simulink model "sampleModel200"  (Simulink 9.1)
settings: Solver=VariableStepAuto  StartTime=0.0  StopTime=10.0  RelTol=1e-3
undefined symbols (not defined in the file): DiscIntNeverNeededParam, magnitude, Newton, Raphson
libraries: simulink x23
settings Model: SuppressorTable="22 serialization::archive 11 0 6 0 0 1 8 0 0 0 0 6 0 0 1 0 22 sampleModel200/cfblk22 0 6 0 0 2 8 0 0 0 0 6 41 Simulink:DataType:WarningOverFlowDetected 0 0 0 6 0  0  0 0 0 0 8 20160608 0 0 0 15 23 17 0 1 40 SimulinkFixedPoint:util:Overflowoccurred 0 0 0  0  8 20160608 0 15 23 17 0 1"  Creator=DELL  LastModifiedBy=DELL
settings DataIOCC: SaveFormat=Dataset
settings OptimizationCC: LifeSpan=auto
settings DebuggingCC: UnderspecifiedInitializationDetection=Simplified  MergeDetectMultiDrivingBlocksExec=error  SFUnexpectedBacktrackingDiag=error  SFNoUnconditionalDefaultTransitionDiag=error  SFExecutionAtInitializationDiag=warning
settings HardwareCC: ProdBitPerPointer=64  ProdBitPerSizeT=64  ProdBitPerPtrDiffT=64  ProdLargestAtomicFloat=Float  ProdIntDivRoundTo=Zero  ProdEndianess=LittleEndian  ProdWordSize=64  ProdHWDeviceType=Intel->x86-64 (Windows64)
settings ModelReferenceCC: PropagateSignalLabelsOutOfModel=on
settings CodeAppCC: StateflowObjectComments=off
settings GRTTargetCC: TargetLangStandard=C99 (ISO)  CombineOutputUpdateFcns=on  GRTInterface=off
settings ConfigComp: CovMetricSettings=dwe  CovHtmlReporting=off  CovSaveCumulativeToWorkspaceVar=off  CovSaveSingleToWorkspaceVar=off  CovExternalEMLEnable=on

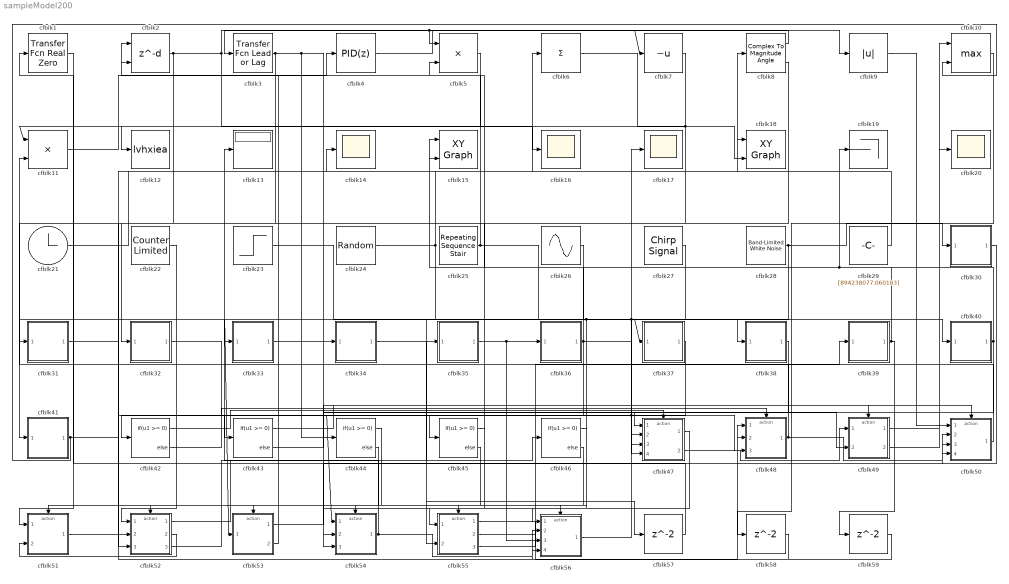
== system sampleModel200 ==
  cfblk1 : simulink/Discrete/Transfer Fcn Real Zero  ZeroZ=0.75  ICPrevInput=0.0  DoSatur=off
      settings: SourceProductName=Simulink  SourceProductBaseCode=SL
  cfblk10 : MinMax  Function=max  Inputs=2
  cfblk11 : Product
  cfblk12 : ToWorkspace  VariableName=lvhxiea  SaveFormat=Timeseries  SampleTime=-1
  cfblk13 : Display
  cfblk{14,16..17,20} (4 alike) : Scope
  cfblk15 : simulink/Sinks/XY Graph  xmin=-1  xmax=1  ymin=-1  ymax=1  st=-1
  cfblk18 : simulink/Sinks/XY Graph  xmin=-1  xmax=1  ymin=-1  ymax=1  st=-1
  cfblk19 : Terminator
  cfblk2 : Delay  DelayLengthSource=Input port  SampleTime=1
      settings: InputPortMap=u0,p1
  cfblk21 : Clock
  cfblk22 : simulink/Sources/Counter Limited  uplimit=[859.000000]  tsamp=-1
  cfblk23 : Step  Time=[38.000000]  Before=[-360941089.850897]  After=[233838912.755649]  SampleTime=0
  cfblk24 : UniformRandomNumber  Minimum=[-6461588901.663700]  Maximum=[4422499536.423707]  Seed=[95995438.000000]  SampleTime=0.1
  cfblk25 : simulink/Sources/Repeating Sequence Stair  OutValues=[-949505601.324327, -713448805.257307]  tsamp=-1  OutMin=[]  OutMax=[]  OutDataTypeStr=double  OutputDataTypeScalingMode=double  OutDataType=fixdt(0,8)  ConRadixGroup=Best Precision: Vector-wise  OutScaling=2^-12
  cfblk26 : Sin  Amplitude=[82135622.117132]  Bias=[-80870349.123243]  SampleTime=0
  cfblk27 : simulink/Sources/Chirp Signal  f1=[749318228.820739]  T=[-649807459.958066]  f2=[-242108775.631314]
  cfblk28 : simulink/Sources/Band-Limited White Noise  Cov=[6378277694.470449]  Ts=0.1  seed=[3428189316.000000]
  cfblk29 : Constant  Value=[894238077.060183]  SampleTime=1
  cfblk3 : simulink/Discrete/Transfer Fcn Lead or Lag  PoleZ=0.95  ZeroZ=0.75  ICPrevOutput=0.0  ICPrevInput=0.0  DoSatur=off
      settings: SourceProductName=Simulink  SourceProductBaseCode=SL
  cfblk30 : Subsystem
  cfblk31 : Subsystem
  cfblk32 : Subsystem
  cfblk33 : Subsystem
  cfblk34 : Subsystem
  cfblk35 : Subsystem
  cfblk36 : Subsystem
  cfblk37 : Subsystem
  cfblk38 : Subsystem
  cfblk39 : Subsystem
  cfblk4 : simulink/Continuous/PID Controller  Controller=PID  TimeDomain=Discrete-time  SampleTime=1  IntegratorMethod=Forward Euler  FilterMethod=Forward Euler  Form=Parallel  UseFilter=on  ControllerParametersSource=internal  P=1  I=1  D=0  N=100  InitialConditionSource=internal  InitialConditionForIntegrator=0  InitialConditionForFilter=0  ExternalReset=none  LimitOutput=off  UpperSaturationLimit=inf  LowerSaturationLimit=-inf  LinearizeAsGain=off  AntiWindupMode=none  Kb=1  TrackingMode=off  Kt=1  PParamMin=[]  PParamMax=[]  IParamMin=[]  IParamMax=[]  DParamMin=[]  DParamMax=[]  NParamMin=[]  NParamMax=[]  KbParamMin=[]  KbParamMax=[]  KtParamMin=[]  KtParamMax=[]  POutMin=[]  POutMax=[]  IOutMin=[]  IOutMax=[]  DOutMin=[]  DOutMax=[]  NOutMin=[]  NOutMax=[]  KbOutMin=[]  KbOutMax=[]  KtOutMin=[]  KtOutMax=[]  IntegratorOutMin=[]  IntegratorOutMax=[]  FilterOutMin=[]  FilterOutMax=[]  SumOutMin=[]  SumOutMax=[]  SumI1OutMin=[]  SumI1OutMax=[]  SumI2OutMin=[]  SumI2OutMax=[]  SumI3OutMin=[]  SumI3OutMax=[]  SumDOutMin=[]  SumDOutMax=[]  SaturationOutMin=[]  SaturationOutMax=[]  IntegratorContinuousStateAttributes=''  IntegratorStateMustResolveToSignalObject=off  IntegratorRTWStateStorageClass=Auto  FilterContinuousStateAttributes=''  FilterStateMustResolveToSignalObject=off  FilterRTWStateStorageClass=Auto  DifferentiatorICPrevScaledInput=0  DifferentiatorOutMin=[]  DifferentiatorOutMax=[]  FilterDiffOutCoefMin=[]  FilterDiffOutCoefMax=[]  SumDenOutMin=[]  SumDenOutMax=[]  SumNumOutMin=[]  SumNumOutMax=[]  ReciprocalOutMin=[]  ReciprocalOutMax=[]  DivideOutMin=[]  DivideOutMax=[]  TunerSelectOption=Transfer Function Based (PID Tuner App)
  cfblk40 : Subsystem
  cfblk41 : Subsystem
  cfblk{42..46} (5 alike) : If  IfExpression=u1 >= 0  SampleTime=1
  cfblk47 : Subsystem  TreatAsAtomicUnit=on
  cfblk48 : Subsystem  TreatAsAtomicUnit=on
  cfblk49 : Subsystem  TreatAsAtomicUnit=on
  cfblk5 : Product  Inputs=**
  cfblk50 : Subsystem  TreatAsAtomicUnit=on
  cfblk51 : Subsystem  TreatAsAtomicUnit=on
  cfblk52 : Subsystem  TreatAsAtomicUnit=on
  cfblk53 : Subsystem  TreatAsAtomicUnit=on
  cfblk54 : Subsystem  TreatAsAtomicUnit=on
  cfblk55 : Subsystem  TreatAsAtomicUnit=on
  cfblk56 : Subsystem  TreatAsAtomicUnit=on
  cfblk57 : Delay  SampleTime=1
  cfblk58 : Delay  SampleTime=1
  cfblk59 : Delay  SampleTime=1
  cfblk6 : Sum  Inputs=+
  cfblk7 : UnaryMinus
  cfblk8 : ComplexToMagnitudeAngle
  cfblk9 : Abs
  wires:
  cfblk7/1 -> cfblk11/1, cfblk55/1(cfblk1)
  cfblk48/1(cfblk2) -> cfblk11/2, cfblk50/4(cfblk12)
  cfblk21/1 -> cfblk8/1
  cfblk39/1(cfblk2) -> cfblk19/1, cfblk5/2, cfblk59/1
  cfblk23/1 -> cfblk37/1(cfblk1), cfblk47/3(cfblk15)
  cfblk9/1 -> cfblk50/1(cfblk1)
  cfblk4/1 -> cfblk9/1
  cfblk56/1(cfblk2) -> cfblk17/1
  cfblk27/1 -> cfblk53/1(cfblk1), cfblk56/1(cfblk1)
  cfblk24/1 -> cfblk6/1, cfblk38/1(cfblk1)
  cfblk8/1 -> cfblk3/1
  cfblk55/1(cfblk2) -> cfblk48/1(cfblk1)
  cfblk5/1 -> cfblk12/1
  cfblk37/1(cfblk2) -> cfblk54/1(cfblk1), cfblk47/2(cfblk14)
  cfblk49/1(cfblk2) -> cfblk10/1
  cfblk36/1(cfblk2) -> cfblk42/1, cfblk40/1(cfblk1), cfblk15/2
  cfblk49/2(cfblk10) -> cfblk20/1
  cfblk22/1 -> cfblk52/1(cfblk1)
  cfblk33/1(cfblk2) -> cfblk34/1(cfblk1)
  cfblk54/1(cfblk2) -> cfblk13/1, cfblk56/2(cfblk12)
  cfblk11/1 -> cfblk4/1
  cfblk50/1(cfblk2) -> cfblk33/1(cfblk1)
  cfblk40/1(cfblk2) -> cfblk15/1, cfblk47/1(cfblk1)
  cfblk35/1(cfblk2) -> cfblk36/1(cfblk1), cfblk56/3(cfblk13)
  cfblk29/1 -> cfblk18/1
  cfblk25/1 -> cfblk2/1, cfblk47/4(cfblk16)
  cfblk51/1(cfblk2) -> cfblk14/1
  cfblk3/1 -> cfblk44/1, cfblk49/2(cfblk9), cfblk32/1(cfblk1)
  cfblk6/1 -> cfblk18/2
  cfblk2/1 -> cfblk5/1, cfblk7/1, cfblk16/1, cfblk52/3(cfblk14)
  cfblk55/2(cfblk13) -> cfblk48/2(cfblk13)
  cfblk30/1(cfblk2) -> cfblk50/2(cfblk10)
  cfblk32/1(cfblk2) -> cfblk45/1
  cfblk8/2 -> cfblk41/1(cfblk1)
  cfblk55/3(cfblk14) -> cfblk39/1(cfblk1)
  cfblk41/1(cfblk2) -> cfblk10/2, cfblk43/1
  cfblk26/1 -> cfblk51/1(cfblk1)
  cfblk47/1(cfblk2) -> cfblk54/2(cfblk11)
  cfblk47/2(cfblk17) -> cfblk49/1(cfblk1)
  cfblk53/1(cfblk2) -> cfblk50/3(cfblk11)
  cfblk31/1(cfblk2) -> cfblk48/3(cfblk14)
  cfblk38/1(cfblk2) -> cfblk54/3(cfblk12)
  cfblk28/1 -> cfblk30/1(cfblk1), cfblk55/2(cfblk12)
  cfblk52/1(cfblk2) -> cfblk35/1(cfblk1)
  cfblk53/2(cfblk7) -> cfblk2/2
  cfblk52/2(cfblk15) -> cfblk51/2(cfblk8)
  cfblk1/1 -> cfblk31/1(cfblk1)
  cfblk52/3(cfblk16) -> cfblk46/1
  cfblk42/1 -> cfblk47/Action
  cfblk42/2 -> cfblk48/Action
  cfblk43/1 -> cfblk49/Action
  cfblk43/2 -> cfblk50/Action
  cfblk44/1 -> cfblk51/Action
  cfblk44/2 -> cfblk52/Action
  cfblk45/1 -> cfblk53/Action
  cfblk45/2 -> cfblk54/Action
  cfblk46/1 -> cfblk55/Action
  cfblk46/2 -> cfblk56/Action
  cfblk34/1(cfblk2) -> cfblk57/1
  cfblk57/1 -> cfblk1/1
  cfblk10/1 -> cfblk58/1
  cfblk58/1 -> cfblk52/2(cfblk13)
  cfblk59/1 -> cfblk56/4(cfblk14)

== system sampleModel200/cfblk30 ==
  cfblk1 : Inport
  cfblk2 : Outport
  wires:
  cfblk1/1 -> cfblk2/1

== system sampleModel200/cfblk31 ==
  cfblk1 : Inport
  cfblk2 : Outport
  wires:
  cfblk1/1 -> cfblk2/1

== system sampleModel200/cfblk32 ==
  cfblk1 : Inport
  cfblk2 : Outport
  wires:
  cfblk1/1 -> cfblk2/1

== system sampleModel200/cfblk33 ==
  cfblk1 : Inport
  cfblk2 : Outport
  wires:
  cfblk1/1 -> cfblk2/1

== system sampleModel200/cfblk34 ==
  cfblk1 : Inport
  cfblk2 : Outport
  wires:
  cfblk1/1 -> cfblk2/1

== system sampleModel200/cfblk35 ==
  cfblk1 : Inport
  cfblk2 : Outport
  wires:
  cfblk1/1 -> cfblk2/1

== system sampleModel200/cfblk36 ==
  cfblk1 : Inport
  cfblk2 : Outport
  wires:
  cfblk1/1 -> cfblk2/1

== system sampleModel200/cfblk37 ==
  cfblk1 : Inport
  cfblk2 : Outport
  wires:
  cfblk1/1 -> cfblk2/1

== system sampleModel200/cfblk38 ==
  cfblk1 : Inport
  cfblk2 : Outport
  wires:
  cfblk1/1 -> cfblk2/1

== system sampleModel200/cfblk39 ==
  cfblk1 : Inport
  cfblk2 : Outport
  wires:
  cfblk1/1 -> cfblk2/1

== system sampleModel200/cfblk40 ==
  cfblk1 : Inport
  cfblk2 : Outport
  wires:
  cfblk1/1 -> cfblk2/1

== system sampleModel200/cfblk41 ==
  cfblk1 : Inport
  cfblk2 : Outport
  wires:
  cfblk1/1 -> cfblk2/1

==*==

● Task instructions
Emit the lines of the material exactly, from its first line to the line containing "cfblk18 : simulink/Sinks/XY", inclusive; leave every picture out.

● Result of this task
simulink model "sampleModel200"  (Simulink 9.1)
settings: Solver=VariableStepAuto  StartTime=0.0  StopTime=10.0  RelTol=1e-3
undefined symbols (not defined in the file): DiscIntNeverNeededParam, magnitude, Newton, Raphson
libraries: simulink x23
settings Model: SuppressorTable="22 serialization::archive 11 0 6 0 0 1 8 0 0 0 0 6 0 0 1 0 22 sampleModel200/cfblk22 0 6 0 0 2 8 0 0 0 0 6 41 Simulink:DataType:WarningOverFlowDetected 0 0 0 6 0  0  0 0 0 0 8 20160608 0 0 0 15 23 17 0 1 40 SimulinkFixedPoint:util:Overflowoccurred 0 0 0  0  8 20160608 0 15 23 17 0 1"  Creator=DELL  LastModifiedBy=DELL
settings DataIOCC: SaveFormat=Dataset
settings OptimizationCC: LifeSpan=auto
settings DebuggingCC: UnderspecifiedInitializationDetection=Simplified  MergeDetectMultiDrivingBlocksExec=error  SFUnexpectedBacktrackingDiag=error  SFNoUnconditionalDefaultTransitionDiag=error  SFExecutionAtInitializationDiag=warning
settings HardwareCC: ProdBitPerPointer=64  ProdBitPerSizeT=64  ProdBitPerPtrDiffT=64  ProdLargestAtomicFloat=Float  ProdIntDivRoundTo=Zero  ProdEndianess=LittleEndian  ProdWordSize=64  ProdHWDeviceType=Intel->x86-64 (Windows64)
settings ModelReferenceCC: PropagateSignalLabelsOutOfModel=on
settings CodeAppCC: StateflowObjectComments=off
settings GRTTargetCC: TargetLangStandard=C99 (ISO)  CombineOutputUpdateFcns=on  GRTInterface=off
settings ConfigComp: CovMetricSettings=dwe  CovHtmlReporting=off  CovSaveCumulativeToWorkspaceVar=off  CovSaveSingleToWorkspaceVar=off  CovExternalEMLEnable=on

== system sampleModel200 ==
  cfblk1 : simulink/Discrete/Transfer Fcn Real Zero  ZeroZ=0.75  ICPrevInput=0.0  DoSatur=off
      settings: SourceProductName=Simulink  SourceProductBaseCode=SL
  cfblk10 : MinMax  Function=max  Inputs=2
  cfblk11 : Product
  cfblk12 : ToWorkspace  VariableName=lvhxiea  SaveFormat=Timeseries  SampleTime=-1
  cfblk13 : Display
  cfblk{14,16..17,20} (4 alike) : Scope
  cfblk15 : simulink/Sinks/XY Graph  xmin=-1  xmax=1  ymin=-1  ymax=1  st=-1
  cfblk18 : simulink/Sinks/XY Graph  xmin=-1  xmax=1  ymin=-1  ymax=1  st=-1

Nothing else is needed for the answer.